[Opening Data section]

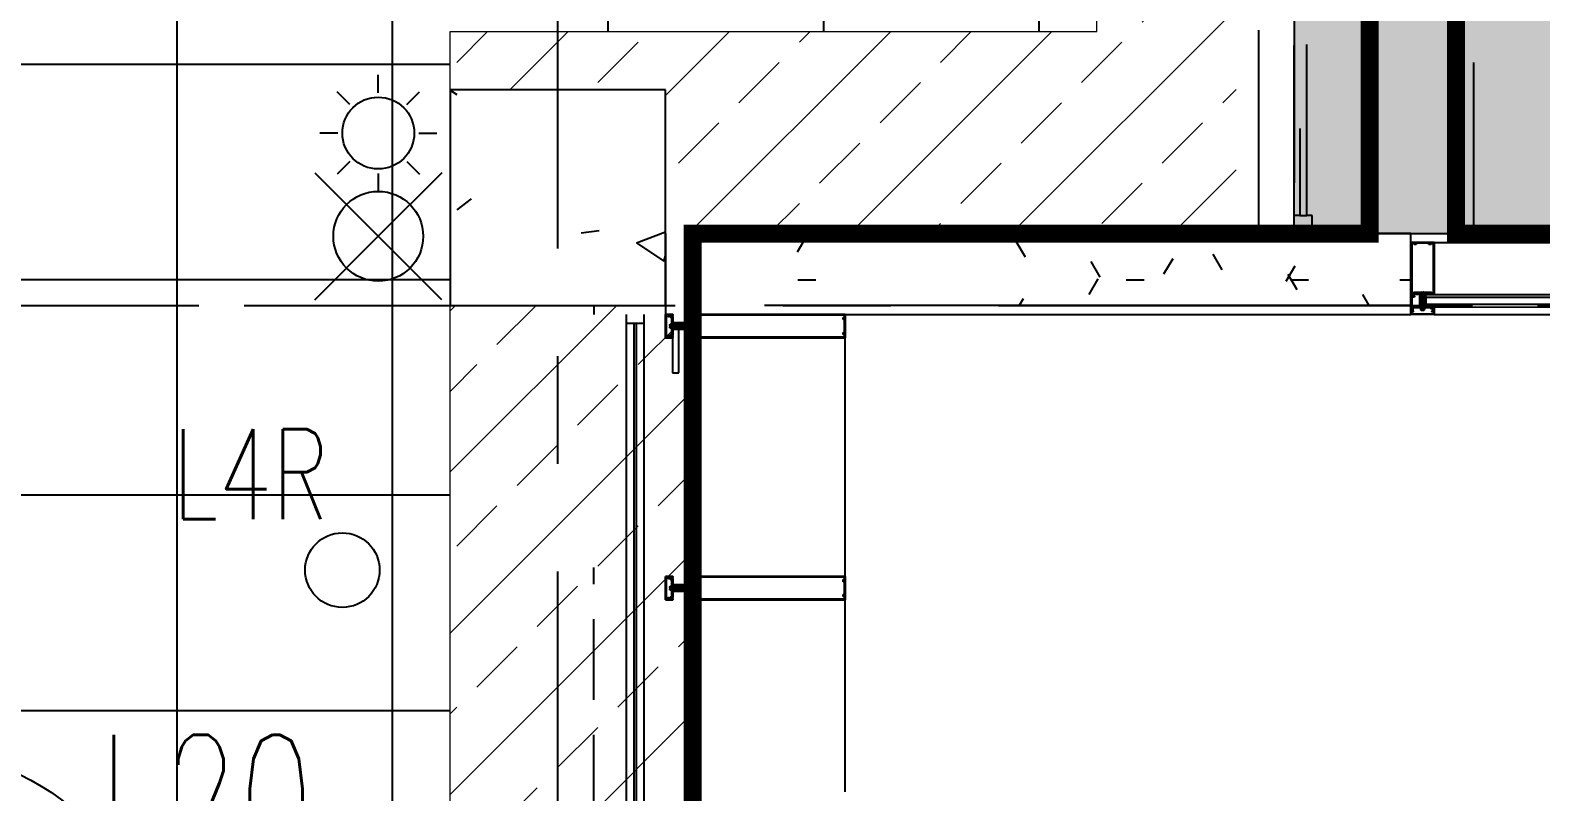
# Model space of a CAD drawing. Header units: millimetres. Extents: x -92759 to 184353, y -15225 to 86714.
# Drawn here: x 71232 to 75437, y 21386 to 23508 of the extents above; entities that cross this region are included whole.
import ezdxf

# ---------------------------------------------------------------- set-up
doc = ezdxf.new("R2010")
doc.units = ezdxf.units.MM
for name, pattern in [('Dash', [952.5, 476.25, -476.25]), ('HIDDEN', [0.375, 0.25, -0.125]), ('IDA - Grid Line', [2100, 1200, -300, 300, -300]), ('IDA - Hidden 065', [322.5, 225, -97.5]), ('IDA - Hidden 2-1', [450, 300, -150])]:
    doc.linetypes.add(name, pattern=pattern)
for name, color, linetype in [('0-1', 9, 'Continuous'), ('A-_CLADMULN_E', 8, 'Continuous'), ('A-_CLADPANL_E', 8, 'Continuous'), ('A-_DETA----_E-9', 8, 'IDA - Hidden 065'), ('A-_DETA----_ED', 8, 'Continuous'), ('A-_DOOR----_E-1', 8, 'Continuous'), ('A-_FLOR----_E', 8, 'Continuous'), ('A-_FURT----_E-1', 8, 'Continuous'), ('A-_WALL----_E', 8, 'Continuous'), ('A-_WALL----_H-1', 9, 'Continuous'), ('A-_WALLPRTN_E', 8, 'Continuous'), ('A-_WIND----_E', 8, 'Continuous'), ('A-PATT-CONC', 8, 'Continuous'), ('E-_LIGT----_E-', 3, 'Continuous'), ('E-FAN----E', 1, 'Continuous'), ('E-legend', 1, 'Continuous'), ('E-LIGHT----E', 1, 'Continuous'), ('S-_COLN----_E', 8, 'Continuous')]:
    doc.layers.add(name, color=color, linetype=linetype)
for name, color, linetype, true_color in [('A-_DETA----_E-1', 7, 'IDA - Hidden 2-1', 0xa5a5a5), ('A-_DETA----_ED-1', 9, 'Continuous', 0x808080), ('A-_DETA----_ED-11', 9, 'Continuous', 0x808080), ('A-_DETA----_ED-2', 1, 'Continuous', 0xff0000), ('A-_DOOR----_H-1', 1, 'Dash', 0xff0000), ('A-_WALL----_H-3', 9, 'Continuous', 0x808080), ('E-_FIREALAM_E-1', 1, 'Continuous', 0xff0000), ('S-_ANOTGRID_E-1', 9, 'IDA - Grid Line', 0x808080)]:
    doc.layers.add(name, color=color, linetype=linetype, true_color=true_color)
doc.layers.add('HFI 9MM FPB', color=94, linetype='Continuous', lineweight=5)
doc.styles.add('Arial', font='arial.ttf')
doc.styles.add('Simplex', font='simplex_.ttf', dxfattribs={"width": 0.7, "height": 450})
pattern_1 = [(45, (-381589.02, -647239), (-224.5064, 224.5064), []), (45, (-381364.5, -647239), (-224.5064, 224.5064), [158.75, -79.375])]

# ---------------------------------------------------------------- blocks, each defined once
blk = doc.blocks.new('IDA - Strobe Light - IDA - Strobe Light-8827150-BLK8_RHH_2ND STOREY PLAN')
at = {"layer": 'A-_DETA----_ED-2'}
for p, q in [((200, 312.5), (200, 362.5)), ((120.5, 279.5), (85.1, 314.9)), ((279.5, 279.5), (314.9, 314.9)), ((87.5, 200), (37.5, 200)), ((312.5, 200), (362.5, 200)), ((120.5, 120.5), (85.1, 85.1)), ((200, 87.5), (200, 37.5)), ((279.5, 120.5), (314.9, 85.1))]:
    blk.add_line(p, q, dxfattribs=at)
blk.add_circle((200, 200), 100, dxfattribs=at)
blk = doc.blocks.new('IDA- Fire Extinguisher1 - 3kg AB-9639890-BLK8_RHH_2ND STOREY PLAN')
at = {"layer": 'A-_DETA----_ED-2'}
for p in [(-276.8, 376.8), (76.8, 376.8), (-276.8, 23.2), (76.8, 23.2)]:
    blk.add_line(p, (-100, 200), dxfattribs=at)
blk.add_circle((-100, 200), 125, dxfattribs=at)
blk = doc.blocks.new('Rectangular Mullion - IDA - Rectangular - 200mm - Bottom - Left-10347531-BLK8_RHH_2ND STOREY PLAN')
at = {"layer": 'A-_CLADMULN_E'}
for p, q in [((4045.8, -50162.8), (5110.8, -50163.3)), ((4087, -50342.3), (4087, -50334.3)), ((5110.8, -50308.3), (5110.8, -50316.8)), ((5110.8, -50334.8), (5110.8, -50342.8)), ((4087, -50342.8), (5110.8, -50343.3)), ((4110.8, -50363.3), (5110.8, -50363.3))]:
    blk.add_line(p, q, dxfattribs=at)
blk.add_lwpolyline([(4087, -50316.8), (4087, -50308.3), (5110.8, -50308.3)], dxfattribs=at)
blk = doc.blocks.new('Rectangular Mullion - 200L X 65D mm-7421969-BLK8_RHH_2ND STOREY PLAN')
at = {"layer": 'A-_DETA----_ED'}
for p, q in [((32.5, 163), (-32.5, 163)), ((-32.5, 163), (-32.5, 18)), ((-30, 160.5), (-25.1, 160.5)), ((-30, 20.5), (-30, 160.5)), ((-23.6, 158.9), (-23.6, 157.4)), ((-23.6, 157.4), (-17.7, 157.4)), ((-17.7, 157.4), (-17.7, 158.9)), ((-16.1, 160.5), (16.1, 160.5)), ((17.7, 158.9), (17.7, 157.4)), ((17.7, 157.4), (23.6, 157.4)), ((23.6, 157.4), (23.6, 158.9)), ((25.1, 160.5), (30, 160.5)), ((30, 160.5), (30, 20.5)), ((32.5, 18), (32.5, 163)), ((-32.5, 18), (-21, 18)), ((-24, 20.5), (-30, 20.5)), ((-24, 23.6), (-24, 20.5)), ((-4.1, 24.3), (-23.2, 24.3)), ((-20.2, 21.8), (-17.9, 21.8)), ((-17.1, 18), (-13.8, 18)), ((-13.1, 18.8), (-13.1, 21)), ((-12.3, 21.8), (-5.9, 21.8)), ((-10.5, 21.8), (-10.5, 19.9)), ((-9.7, 19.2), (-8, 19.2)), ((-8, 19.2), (-8, 2.5)), ((-8, -11.6), (-8, 0)), ((-7.7, 2.2), (-6.7, 2.2)), ((-6.7, 0.3), (-7.7, 0.3)), ((-6.4, 2), (-6.4, 0.6)), ((-5.4, 5.1), (-5.4, 20.3)), ((-3.5, 5.1), (-5.4, 5.1)), ((-5.1, 21), (-5.1, 18.8)), ((-4.3, 18), (-0.8, 18)), ((-2.6, 21.3), (-2.6, 22.8)), ((2.6, 21.3), (-2.6, 21.3)), ((-2.5, -1.3), (-1.1, 4.3)), ((-0.8, 18), (0, 18.8)), ((0, 18.8), (0.8, 18)), ((0.8, 18), (4.3, 18)), ((1.1, 4.3), (2.5, -1.3)), ((2.6, 22.8), (2.6, 21.3)), ((5.4, 5.1), (3.5, 5.1)), ((23.3, 24.3), (4.1, 24.3)), ((5.1, 18.8), (5.1, 21)), ((5.4, 20.3), (5.4, 5.1)), ((5.9, 21.8), (12.3, 21.8)), ((6.4, 0.6), (6.4, 2)), ((6.7, 2.2), (7.7, 2.2)), ((7.7, 0.3), (6.7, 0.3)), ((8, 19.2), (9.7, 19.2)), ((8, 2.5), (8, 19.2)), ((8, -11.6), (8, 0)), ((10.5, 19.9), (10.5, 21.8)), ((13.1, 21), (13.1, 18.8)), ((13.8, 18), (17.1, 18)), ((17.9, 21.9), (20.3, 21.9)), ((21.1, 18), (32.5, 18)), ((22.5, 12.4), (22.5, 11.4)), ((32.5, 13.2), (23.2, 13.2)), ((23.2, 10.7), (28.4, 10.7)), ((23.5, 18), (23.5, 13.2)), ((24.1, 20.5), (24.1, 23.6)), ((30, 20.5), (24.1, 20.5)), ((30, 9.1), (30, -15.5)), ((32.5, 13.2), (32.5, 18)), ((32.5, -22.2), (32.5, 13.2)), ((-32.5, -17.5), (-32.5, -22.2)), ((-32.5, -24.8), (-32.5, -37)), ((-32.5, -37), (32.5, -37)), ((-29.9, -17), (-32, -17)), ((-31.7, -23), (-30.7, -23)), ((-31.2, -25.3), (-30.5, -25.3)), ((-31.2, -35.7), (-31.2, -25.3)), ((-15.9, -35.7), (-31.2, -35.7)), ((-30.5, -23.2), (-31, -23.2)), ((-30.3, -25.5), (-27.6, -30.1)), ((-26.8, -20.8), (-29, -20.8)), ((-27.4, -23), (-24.5, -23)), ((-27.4, -26.4), (-27.4, -23)), ((-25.9, -29.1), (-27.4, -26.4)), ((-5.7, -17), (-25.9, -17)), ((-23, -19.5), (-8.3, -19.5)), ((-23, -21.5), (-23, -19.5)), ((0, -35.5), (-15.9, -35.7)), ((-8.3, -19.5), (-7.6, -20.2)), ((-6.9, -11.6), (-8, -11.6)), ((-0.4, -20.2), (-7.6, -20.2)), ((-6.9, -11.6), (-6.6, -12)), ((-6.6, -12), (-6.2, -11.6)), ((-6.2, -11.6), (-4.3, -11.6)), ((-5.3, -16.6), (-5.7, -17)), ((-5, -17), (-5.3, -16.6)), ((5, -17), (-5, -17)), ((-2.4, -0.9), (-4.9, -3.8)), ((-4.9, -3.8), (4.9, -3.8)), ((-4.9, -3.8), (-4.9, -11.6)), ((-4.3, -11.6), (-3.9, -12)), ((-3.9, -12), (-3.6, -11.6)), ((-3.6, -11.6), (-2.5, -11.6)), ((-2.5, -11.6), (-2.5, -1.1)), ((2.4, -0.9), (-2.4, -0.9)), ((-0.4, -20.2), (0, -19.8)), ((0, -19.8), (0.4, -20.2)), ((15.9, -35.7), (0, -35.5)), ((7.6, -20.2), (0.4, -20.2)), ((4.9, -3.8), (2.4, -0.9)), ((2.5, -1.3), (2.5, -11.6)), ((2.5, -11.6), (3.6, -11.6)), ((3.6, -11.6), (3.9, -12)), ((3.9, -12), (4.3, -11.6)), ((4.3, -11.6), (6.2, -11.6)), ((4.9, -3.8), (4.9, -11.6)), ((5.3, -16.6), (5, -17)), ((5.7, -17), (5.3, -16.6)), ((28.4, -17), (5.7, -17)), ((6.2, -11.6), (6.6, -12)), ((6.6, -12), (6.9, -11.6)), ((8, -11.6), (6.9, -11.6)), ((7.6, -20.2), (8.3, -19.5)), ((8.3, -19.5), (27.4, -19.5)), ((31.2, -35.7), (15.9, -35.7)), ((27.4, -26.4), (25.9, -29.1)), ((27.4, -19.5), (27.4, -26.4)), ((27.6, -30.1), (30.3, -25.5)), ((31, -23.2), (30.5, -23.2)), ((30.5, -25.3), (31.2, -25.3)), ((30.7, -23), (31.7, -23)), ((31.2, -25.3), (31.2, -35.7)), ((32.5, -37), (32.5, -24.8))]:
    blk.add_line(p, q, dxfattribs=at)
for centre, radius, start, end in [((-25.1, 158.9), 1.52, 0, 90), ((-16.1, 158.9), 1.52, 90, 180), ((16.1, 158.9), 1.52, 0, 90), ((25.1, 158.9), 1.52, 90, 180), ((-23.2, 23.6), 0.762, 90, 180), ((-20.2, 20.5), 1.27, 90, 180), ((-19.2, 20.3), 2.29, 180, 225.1897), ((-21, 18.4), 0.381, 270, 45.1897), ((-17.9, 20.5), 1.27, 0, 90), ((-17.1, 18.4), 0.381, 134.8103, 270), ((-18.9, 20.3), 2.29, 314.8103, 0), ((-13.8, 18.8), 0.762, 270, 0), ((-12.3, 21), 0.762, 90, 180), ((-9.7, 19.9), 0.762, 180, 270), ((-7.7, 2.5), 0.254, 180, 270), ((-7.7, 0), 0.254, 90, 180), ((-6.9, 20.3), 1.52, 360, 90), ((-6.7, 2), 0.254, 360, 90), ((-6.7, 0.6), 0.254, 270, 360), ((-5.9, 21), 0.762, 0, 90), ((-4.3, 18.8), 0.762, 180, 270), ((-4.1, 22.8), 1.52, 360, 90), ((0, 4), 3.63, 17.5064, 162.4936), ((0, 4), 1.09, 15, 165), ((4.1, 22.8), 1.52, 90, 180), ((4.3, 18.8), 0.762, 270, 0), ((5.9, 21), 0.762, 90, 180), ((6.9, 20.3), 1.52, 90, 180), ((6.7, 2), 0.254, 90, 180), ((6.7, 0.6), 0.254, 180, 270), ((7.7, 2.5), 0.254, 270, 0), ((7.7, 0), 0.254, 0, 90), ((9.7, 19.9), 0.762, 270, 0), ((12.3, 21), 0.762, 0, 90), ((13.8, 18.8), 0.762, 180, 270), ((17.9, 20.6), 1.27, 90, 180), ((19.1, 20.3), 2.39, 180, 224.1177), ((17.1, 18.4), 0.381, 270, 45.1897), ((20.3, 20.6), 1.27, 0, 90), ((21.1, 18.4), 0.381, 134.8103, 270), ((19.3, 20.3), 2.29, 314.7941, 0), ((23.2, 12.4), 0.762, 90, 180), ((23.2, 11.4), 0.762, 180, 270), ((23.3, 23.6), 0.762, 0, 90), ((28.4, 9.1), 1.52, 360, 90), ((-32, -17.5), 0.508, 90, 180), ((-31.7, -22.2), 0.762, 180, 270), ((-31, -24.8), 1.52, 90, 180), ((-30.7, -24.3), 1.27, 288.6629, 90), ((-30.5, -24.3), 1.02, 270, 90), ((-28, -19.3), 2.29, 134.8103, 180), ((-29, -19.5), 1.27, 180, 270), ((-29.9, -17.4), 0.381, 314.8103, 90), ((-26.8, -29.6), 1.02, 210, 30), ((-26.8, -19.5), 1.27, 270, 0), ((-25.9, -17.4), 0.381, 90, 225.1897), ((-27.8, -19.3), 2.29, 0, 45.1897), ((-24.5, -21.5), 1.52, 270, 0), ((26.8, -29.6), 1.02, 150, 330), ((28.4, -15.5), 1.52, 270, 0), ((30.7, -24.3), 1.27, 90, 251.3371), ((30.5, -24.3), 1.02, 90, 270), ((31, -24.8), 1.52, 360, 90), ((31.7, -22.2), 0.762, 270, 0)]:
    blk.add_arc(centre, radius, start, end, dxfattribs=at)
at = {"layer": 'A-_DETA----_ED-1'}
for p, q in [((0, 26.4), (-2.4, 24)), ((-2.4, 24), (-2.4, -0.9)), ((2.4, 24), (0, 26.4)), ((2.4, -0.9), (2.4, 24)), ((-8, -17), (-8, -11.6)), ((-6.3, -21.2), (-6.3, -20.2)), ((6.4, -21.2), (-6.3, -21.2)), ((-5.2, -24.7), (-5.2, -21.2)), ((-5.1, -24.8), (5.1, -24.8)), ((3.9, -25.6), (-3.9, -25.6)), ((-2.6, -24.7), (-2.6, -21.2)), ((-2.5, -11.6), (-2.5, -17)), ((2.5, -11.6), (2.5, -17)), ((2.6, -24.7), (2.6, -21.2)), ((5.2, -24.7), (5.2, -21.2)), ((6.4, -20.2), (6.4, -21.2)), ((8, -11.6), (8, -17))]:
    blk.add_line(p, q, dxfattribs=at)
for centre, radius, start, end in [((-3.9, -24.2), 1.38, 200.9416, 339.0732), ((0, -21.4), 4.19, 234.2873, 305.7127), ((3.9, -24.2), 1.38, 200.9416, 339.0732)]:
    blk.add_arc(centre, radius, start, end, dxfattribs=at)
blk = doc.blocks.new('Rectangular Mullion - IDA - Rectangular - 200mm - Top - Right-10347504-BLK8_RHH_2ND STOREY PLAN')
at = {"layer": 'A-_CLADMULN_E'}
for p, q in [((-65, 18), (-65, 163)), ((-65, 163), (0, 163)), ((0, 163), (0, -37)), ((-41.1875, 18), (-65, 18)), ((-41.1875, -17), (-41.1875, 18)), ((-65, -37), (-65, -17)), ((-65, -17), (-41.1875, -17)), ((0, -37), (-65, -37))]:
    blk.add_line(p, q, dxfattribs=at)
blk = doc.blocks.new('ROLLER SHUTTER - B8-RS04 3250x1200-10577579-WSO- BLK 8 RHH 2ND STOREY PLAN')
at = {"layer": 'A-_DOOR----_E-1'}
for p, q in [((-1575, -50), (-1575, -100)), ((-1525, -65.475), (-1525, -50)), ((1575, -50), (1575, -65.475)), ((1625, -100), (1625, -50)), ((-1575, -100), (-1525, -100)), ((-1525, -100), (-1525, -84.525)), ((1575, -84.525), (1575, -100)), ((1575, -100), (1625, -100))]:
    blk.add_line(p, q, dxfattribs=at)
at = {"layer": 'A-_DOOR----_H-1'}
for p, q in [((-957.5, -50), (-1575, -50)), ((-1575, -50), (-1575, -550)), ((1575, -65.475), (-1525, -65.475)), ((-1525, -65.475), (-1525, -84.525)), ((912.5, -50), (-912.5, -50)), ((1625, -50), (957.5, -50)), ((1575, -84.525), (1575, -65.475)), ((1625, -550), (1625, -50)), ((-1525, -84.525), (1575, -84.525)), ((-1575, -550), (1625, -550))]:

[Closing Data section]

▶ **Problem**: Using the listing above, return word for word each line from the one that has "color=color, linetype=linetype, true_color=true_color)" through the one that has "(5110.8, -50308.3)], dxfattribs=at)", and no line outside that range.

▶ **Output below**:
    doc.layers.add(name, color=color, linetype=linetype, true_color=true_color)
doc.layers.add('HFI 9MM FPB', color=94, linetype='Continuous', lineweight=5)
doc.styles.add('Arial', font='arial.ttf')
doc.styles.add('Simplex', font='simplex_.ttf', dxfattribs={"width": 0.7, "height": 450})
pattern_1 = [(45, (-381589.02, -647239), (-224.5064, 224.5064), []), (45, (-381364.5, -647239), (-224.5064, 224.5064), [158.75, -79.375])]

# ---------------------------------------------------------------- blocks, each defined once
blk = doc.blocks.new('IDA - Strobe Light - IDA - Strobe Light-8827150-BLK8_RHH_2ND STOREY PLAN')
at = {"layer": 'A-_DETA----_ED-2'}
for p, q in [((200, 312.5), (200, 362.5)), ((120.5, 279.5), (85.1, 314.9)), ((279.5, 279.5), (314.9, 314.9)), ((87.5, 200), (37.5, 200)), ((312.5, 200), (362.5, 200)), ((120.5, 120.5), (85.1, 85.1)), ((200, 87.5), (200, 37.5)), ((279.5, 120.5), (314.9, 85.1))]:
    blk.add_line(p, q, dxfattribs=at)
blk.add_circle((200, 200), 100, dxfattribs=at)
blk = doc.blocks.new('IDA- Fire Extinguisher1 - 3kg AB-9639890-BLK8_RHH_2ND STOREY PLAN')
at = {"layer": 'A-_DETA----_ED-2'}
for p in [(-276.8, 376.8), (76.8, 376.8), (-276.8, 23.2), (76.8, 23.2)]:
    blk.add_line(p, (-100, 200), dxfattribs=at)
blk.add_circle((-100, 200), 125, dxfattribs=at)
blk = doc.blocks.new('Rectangular Mullion - IDA - Rectangular - 200mm - Bottom - Left-10347531-BLK8_RHH_2ND STOREY PLAN')
at = {"layer": 'A-_CLADMULN_E'}
for p, q in [((4045.8, -50162.8), (5110.8, -50163.3)), ((4087, -50342.3), (4087, -50334.3)), ((5110.8, -50308.3), (5110.8, -50316.8)), ((5110.8, -50334.8), (5110.8, -50342.8)), ((4087, -50342.8), (5110.8, -50343.3)), ((4110.8, -50363.3), (5110.8, -50363.3))]:
    blk.add_line(p, q, dxfattribs=at)
blk.add_lwpolyline([(4087, -50316.8), (4087, -50308.3), (5110.8, -50308.3)], dxfattribs=at)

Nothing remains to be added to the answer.